··· Material for the task

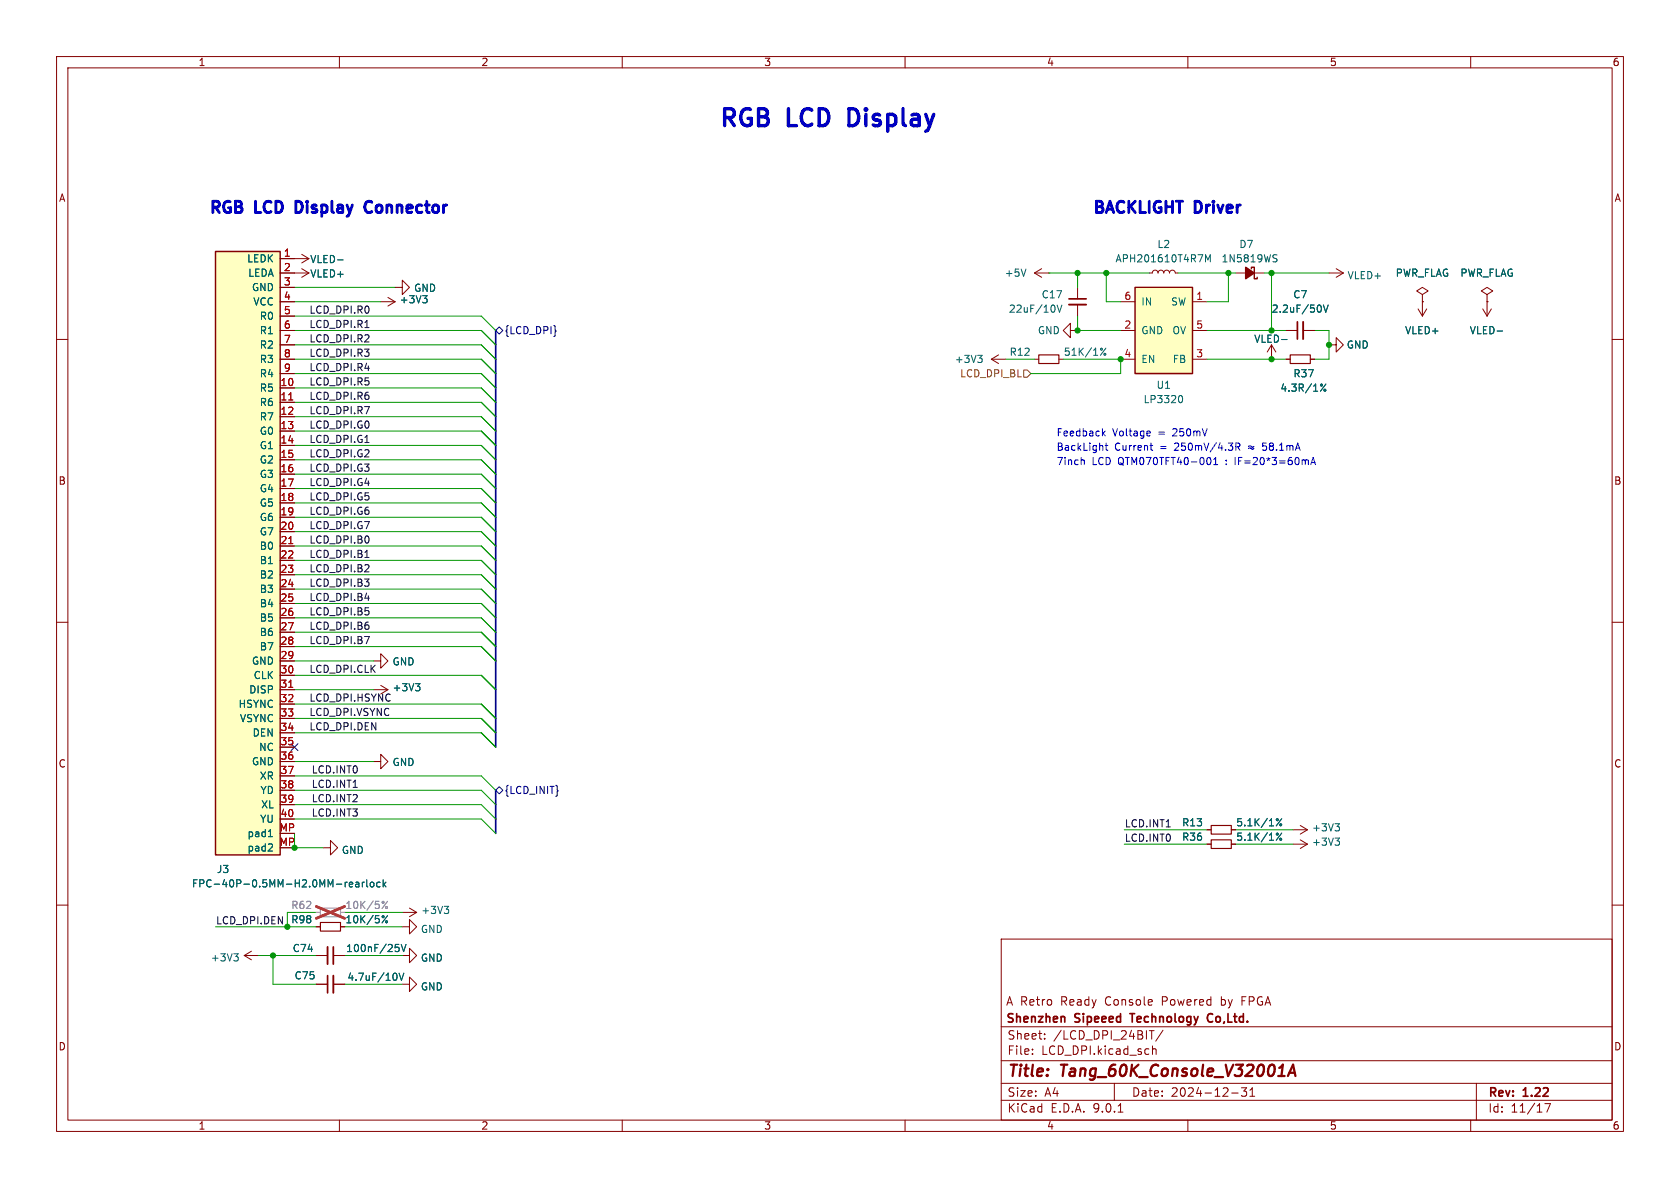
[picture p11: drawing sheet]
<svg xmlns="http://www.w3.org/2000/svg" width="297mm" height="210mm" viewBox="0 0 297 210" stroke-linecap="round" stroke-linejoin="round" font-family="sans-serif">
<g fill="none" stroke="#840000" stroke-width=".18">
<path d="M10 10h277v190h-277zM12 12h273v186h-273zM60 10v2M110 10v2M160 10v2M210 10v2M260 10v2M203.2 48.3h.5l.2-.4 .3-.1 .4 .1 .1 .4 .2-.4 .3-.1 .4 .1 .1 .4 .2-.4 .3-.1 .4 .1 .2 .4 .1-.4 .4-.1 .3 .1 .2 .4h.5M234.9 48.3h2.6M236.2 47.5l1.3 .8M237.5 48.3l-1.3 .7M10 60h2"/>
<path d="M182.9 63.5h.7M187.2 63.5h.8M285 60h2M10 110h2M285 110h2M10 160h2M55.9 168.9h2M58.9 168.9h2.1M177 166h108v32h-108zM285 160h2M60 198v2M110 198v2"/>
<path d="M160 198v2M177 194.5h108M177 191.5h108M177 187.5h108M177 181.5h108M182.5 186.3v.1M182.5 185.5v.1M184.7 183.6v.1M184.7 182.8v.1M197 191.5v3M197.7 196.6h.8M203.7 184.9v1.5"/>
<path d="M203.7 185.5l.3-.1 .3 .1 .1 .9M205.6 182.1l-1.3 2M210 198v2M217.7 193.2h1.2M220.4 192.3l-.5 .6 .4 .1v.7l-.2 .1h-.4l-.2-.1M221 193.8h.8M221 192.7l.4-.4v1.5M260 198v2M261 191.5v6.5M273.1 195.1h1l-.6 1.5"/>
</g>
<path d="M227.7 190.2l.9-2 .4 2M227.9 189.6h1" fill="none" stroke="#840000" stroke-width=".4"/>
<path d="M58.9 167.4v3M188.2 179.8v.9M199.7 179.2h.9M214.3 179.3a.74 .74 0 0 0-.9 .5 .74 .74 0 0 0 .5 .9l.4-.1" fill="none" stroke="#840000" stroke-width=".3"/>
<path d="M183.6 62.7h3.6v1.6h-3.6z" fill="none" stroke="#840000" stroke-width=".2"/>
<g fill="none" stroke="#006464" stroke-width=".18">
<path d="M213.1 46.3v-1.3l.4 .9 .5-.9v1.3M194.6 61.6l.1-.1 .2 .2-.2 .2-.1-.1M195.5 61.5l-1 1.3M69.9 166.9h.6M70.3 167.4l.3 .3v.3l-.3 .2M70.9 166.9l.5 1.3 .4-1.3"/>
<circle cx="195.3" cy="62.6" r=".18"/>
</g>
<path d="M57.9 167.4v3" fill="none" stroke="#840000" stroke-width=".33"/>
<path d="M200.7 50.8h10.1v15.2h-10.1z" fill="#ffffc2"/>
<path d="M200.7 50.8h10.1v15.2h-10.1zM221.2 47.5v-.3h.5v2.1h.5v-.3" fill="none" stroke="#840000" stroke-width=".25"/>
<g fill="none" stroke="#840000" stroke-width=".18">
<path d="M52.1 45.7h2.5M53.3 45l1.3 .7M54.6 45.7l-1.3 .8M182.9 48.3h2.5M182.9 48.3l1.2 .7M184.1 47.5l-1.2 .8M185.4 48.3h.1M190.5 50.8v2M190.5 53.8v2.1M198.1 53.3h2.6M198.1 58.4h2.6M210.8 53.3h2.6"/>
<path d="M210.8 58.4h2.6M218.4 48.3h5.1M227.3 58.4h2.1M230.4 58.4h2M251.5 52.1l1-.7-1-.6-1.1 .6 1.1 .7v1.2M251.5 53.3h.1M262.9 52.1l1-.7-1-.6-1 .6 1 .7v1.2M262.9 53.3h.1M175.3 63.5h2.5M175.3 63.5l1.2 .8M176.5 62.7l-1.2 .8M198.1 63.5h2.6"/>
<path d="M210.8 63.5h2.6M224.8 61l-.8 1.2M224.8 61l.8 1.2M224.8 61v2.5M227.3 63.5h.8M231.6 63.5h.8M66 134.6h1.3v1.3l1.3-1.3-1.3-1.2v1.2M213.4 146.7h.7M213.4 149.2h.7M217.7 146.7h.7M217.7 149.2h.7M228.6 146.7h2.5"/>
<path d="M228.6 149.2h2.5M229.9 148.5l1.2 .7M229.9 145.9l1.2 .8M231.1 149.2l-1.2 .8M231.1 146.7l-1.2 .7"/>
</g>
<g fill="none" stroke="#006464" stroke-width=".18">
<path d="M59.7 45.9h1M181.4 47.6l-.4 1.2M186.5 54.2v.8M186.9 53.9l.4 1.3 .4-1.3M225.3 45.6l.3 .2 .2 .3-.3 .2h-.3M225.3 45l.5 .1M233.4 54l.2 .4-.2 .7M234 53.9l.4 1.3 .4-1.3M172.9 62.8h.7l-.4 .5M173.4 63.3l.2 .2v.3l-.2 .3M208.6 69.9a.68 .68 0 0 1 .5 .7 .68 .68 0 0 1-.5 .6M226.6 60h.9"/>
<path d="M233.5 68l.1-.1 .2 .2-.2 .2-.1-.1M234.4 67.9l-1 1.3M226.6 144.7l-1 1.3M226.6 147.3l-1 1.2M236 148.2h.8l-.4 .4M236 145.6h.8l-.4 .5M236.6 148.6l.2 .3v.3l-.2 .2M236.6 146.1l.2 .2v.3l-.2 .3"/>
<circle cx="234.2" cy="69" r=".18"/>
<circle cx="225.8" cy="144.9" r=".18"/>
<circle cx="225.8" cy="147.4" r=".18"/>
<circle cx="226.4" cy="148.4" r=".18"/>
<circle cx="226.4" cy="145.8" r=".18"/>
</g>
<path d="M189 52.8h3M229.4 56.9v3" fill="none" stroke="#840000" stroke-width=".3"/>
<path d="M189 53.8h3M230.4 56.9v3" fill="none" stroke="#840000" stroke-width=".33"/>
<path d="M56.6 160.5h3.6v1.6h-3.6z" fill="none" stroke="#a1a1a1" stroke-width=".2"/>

······

• _About this exercise_
Look through the entries above, and wherever a line holds the string "circle", copy it.

• _Answer box_
<circle cx="195.3" cy="62.6" r=".18"/>
<circle cx="234.2" cy="69" r=".18"/>
<circle cx="225.8" cy="144.9" r=".18"/>
<circle cx="225.8" cy="147.4" r=".18"/>
<circle cx="226.4" cy="148.4" r=".18"/>
<circle cx="226.4" cy="145.8" r=".18"/>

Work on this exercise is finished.